The safety and scientific validity of this study is the responsibility of the study sponsor and investigators. Listing a study does not mean it has been evaluated by the U.S. Federal Government. Know the risks and potential benefits of clinical studies and talk to your health care provider before participating. Read our disclaimer for details.
 
ClinicalTrials.gov Identifier: NCT03093051
Recruitment Status : Recruiting
First Posted : March 28, 2017
Last Update Posted : January 13, 2020
Sponsor:
Collaborators:
National Heart, Lung, and Blood Institute (NHLBI)
Washington University School of Medicine
Information provided by (Responsible Party):
Cardialen, Inc.

Brief Summary:
This observation study evaluates the safety and effectiveness of UPT therapy in subjects during either an indicated ventricular tachycardia ablation procedure or an ICD implant procedure.
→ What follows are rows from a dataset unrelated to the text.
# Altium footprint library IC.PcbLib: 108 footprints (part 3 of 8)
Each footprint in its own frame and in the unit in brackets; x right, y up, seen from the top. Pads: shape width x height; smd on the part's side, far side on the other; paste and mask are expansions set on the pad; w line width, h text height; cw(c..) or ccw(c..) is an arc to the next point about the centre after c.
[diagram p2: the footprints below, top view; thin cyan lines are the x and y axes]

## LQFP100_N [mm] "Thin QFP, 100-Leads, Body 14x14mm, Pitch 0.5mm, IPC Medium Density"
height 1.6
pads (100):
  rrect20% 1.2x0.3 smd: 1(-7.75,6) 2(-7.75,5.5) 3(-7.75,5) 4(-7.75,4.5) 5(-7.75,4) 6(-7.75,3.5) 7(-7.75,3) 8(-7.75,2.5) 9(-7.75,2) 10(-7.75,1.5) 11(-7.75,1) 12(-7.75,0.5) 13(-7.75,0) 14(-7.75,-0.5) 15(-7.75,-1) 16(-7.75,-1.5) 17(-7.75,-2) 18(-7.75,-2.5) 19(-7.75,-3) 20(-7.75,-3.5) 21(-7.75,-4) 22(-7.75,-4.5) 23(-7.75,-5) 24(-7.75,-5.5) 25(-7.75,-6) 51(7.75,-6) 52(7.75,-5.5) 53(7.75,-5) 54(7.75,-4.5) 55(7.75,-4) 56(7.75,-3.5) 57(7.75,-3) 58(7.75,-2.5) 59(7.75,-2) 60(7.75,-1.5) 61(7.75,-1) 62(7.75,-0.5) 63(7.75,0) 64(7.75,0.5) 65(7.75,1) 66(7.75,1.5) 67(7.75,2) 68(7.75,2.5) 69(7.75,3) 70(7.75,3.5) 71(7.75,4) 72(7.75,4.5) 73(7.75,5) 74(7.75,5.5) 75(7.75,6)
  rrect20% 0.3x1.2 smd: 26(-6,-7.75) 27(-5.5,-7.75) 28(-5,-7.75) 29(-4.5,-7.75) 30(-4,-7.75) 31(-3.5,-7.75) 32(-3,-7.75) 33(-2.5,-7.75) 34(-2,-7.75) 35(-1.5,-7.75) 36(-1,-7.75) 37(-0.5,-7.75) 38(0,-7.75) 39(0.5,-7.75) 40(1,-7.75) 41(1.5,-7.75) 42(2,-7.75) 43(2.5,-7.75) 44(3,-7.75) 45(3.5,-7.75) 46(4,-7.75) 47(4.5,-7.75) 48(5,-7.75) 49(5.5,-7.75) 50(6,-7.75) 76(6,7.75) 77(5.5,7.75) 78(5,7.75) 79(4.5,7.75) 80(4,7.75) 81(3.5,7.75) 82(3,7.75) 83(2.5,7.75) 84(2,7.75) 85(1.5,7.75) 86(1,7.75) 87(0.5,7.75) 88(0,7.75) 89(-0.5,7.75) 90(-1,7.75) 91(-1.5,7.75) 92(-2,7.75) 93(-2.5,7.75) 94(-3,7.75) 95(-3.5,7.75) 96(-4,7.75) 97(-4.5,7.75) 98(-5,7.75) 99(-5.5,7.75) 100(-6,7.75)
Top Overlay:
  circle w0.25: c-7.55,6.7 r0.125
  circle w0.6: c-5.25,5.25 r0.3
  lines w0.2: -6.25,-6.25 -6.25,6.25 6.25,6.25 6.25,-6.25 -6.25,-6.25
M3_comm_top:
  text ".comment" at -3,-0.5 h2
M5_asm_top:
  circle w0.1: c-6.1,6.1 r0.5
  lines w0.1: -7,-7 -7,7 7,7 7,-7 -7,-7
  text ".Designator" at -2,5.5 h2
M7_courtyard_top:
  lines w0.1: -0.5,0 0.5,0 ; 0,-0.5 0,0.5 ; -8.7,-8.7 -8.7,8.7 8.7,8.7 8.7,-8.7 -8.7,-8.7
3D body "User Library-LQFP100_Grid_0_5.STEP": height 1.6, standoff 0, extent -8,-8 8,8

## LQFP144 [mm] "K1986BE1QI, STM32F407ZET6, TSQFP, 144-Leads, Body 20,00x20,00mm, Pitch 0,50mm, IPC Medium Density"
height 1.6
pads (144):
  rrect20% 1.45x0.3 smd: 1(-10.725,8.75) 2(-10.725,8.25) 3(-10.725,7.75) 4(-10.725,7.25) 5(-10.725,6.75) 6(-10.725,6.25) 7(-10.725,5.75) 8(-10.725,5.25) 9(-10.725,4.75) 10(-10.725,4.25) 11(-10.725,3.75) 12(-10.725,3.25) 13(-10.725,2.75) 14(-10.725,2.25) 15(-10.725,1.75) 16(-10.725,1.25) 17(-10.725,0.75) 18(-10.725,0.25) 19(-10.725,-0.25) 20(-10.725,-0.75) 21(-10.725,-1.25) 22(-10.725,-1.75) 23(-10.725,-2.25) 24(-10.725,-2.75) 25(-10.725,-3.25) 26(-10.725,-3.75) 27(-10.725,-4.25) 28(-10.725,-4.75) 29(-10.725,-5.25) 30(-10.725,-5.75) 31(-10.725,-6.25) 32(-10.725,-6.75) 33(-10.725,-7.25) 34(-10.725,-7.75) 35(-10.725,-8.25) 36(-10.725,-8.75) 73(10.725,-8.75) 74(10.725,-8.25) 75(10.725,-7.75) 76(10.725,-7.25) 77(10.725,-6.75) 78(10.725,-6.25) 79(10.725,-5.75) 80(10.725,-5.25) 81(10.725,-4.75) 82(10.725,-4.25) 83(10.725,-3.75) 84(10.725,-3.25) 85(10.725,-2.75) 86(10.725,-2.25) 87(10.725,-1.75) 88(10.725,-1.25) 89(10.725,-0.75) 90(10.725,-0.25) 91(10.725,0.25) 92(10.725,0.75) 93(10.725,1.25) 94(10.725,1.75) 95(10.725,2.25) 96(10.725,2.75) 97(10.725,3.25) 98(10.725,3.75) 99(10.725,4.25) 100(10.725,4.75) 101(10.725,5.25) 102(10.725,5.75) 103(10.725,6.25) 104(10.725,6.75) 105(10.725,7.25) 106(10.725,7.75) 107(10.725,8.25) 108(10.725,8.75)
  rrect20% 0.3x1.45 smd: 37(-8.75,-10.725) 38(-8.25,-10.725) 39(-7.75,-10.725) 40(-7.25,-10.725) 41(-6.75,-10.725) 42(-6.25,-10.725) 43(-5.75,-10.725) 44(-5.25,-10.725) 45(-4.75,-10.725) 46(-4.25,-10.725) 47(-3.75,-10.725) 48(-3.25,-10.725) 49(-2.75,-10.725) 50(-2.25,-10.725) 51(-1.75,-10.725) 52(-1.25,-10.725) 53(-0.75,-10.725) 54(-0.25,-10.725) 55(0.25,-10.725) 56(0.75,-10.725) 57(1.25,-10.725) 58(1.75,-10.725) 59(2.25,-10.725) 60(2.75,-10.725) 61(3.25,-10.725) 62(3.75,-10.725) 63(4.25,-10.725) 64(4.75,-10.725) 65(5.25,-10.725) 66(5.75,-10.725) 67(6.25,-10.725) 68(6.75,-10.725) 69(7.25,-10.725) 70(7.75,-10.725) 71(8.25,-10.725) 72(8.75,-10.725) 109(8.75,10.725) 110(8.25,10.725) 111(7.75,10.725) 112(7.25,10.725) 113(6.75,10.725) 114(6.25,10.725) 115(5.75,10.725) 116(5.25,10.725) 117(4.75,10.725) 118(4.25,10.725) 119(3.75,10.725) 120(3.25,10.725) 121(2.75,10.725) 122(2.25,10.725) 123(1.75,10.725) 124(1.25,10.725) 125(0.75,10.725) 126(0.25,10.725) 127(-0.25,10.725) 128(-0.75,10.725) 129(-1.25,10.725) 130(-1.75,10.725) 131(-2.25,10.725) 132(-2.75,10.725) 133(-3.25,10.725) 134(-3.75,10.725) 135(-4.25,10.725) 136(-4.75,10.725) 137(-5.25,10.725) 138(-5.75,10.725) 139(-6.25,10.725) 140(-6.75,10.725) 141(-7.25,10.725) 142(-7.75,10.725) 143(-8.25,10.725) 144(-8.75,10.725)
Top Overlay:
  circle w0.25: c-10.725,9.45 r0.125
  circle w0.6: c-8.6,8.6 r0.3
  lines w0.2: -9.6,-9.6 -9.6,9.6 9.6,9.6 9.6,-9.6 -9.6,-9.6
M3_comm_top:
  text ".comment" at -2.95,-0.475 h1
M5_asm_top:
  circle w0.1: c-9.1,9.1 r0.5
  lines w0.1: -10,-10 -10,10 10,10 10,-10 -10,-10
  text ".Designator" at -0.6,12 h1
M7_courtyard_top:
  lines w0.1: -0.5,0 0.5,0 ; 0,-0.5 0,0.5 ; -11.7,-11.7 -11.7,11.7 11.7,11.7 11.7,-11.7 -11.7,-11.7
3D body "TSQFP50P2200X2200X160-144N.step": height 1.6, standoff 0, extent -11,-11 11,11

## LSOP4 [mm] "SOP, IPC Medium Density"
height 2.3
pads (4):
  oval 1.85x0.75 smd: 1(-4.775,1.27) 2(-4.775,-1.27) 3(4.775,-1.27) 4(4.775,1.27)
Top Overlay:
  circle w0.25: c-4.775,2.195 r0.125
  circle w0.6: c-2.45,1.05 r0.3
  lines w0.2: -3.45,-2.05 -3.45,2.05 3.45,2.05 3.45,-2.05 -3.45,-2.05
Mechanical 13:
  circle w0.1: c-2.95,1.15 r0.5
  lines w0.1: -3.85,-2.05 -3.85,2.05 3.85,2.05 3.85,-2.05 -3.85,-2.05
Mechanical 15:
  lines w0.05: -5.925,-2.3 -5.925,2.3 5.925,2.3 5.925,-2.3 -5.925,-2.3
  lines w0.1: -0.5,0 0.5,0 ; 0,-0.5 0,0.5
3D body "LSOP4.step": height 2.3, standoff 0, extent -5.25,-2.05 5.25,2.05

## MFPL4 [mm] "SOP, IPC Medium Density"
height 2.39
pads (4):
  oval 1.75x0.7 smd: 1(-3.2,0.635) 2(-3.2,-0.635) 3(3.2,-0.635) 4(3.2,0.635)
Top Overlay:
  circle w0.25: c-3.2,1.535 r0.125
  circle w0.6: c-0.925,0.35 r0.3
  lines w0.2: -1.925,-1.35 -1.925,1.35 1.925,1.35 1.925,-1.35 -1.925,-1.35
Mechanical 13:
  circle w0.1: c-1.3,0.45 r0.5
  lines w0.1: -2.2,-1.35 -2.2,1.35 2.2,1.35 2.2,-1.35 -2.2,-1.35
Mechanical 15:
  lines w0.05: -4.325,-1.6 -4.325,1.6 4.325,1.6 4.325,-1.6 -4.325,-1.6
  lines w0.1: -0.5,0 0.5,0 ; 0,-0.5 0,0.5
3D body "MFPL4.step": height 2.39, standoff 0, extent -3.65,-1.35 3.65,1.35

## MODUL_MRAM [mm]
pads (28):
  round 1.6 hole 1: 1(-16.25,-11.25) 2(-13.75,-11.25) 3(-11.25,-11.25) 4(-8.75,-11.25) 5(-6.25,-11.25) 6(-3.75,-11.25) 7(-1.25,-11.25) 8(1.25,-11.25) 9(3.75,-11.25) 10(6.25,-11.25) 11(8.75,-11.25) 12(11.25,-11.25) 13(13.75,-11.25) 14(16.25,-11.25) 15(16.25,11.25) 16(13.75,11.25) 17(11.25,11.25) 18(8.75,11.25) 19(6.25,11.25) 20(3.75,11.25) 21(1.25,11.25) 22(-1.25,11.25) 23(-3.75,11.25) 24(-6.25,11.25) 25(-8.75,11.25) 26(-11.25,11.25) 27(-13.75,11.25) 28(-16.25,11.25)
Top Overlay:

Condition or disease Intervention/treatment
Ventricular Fibrillation Ventricular Tachycardia Device: Unpinning Termination therapy

Detailed Description:
This non-blinded, single-arm open-label, non-significant risk, phase 1 pilot, acute research feasibility trial aims to demonstrate that the safety and effectiveness of Unpinning Termination (UPT) electrotherapy observed in the canine can be translated to humans and to demonstrate the safety and effectiveness of UPT electrotherapy in the human population most likely to benefit from this therapy. This observation study evaluates the safety and effectiveness of UPT therapy in subjects during either an indicated ventricular tachycardia (VT) catheter ablation or an indicated initial implant or device replacement of an implantable cardioverter defibrillator (ICD).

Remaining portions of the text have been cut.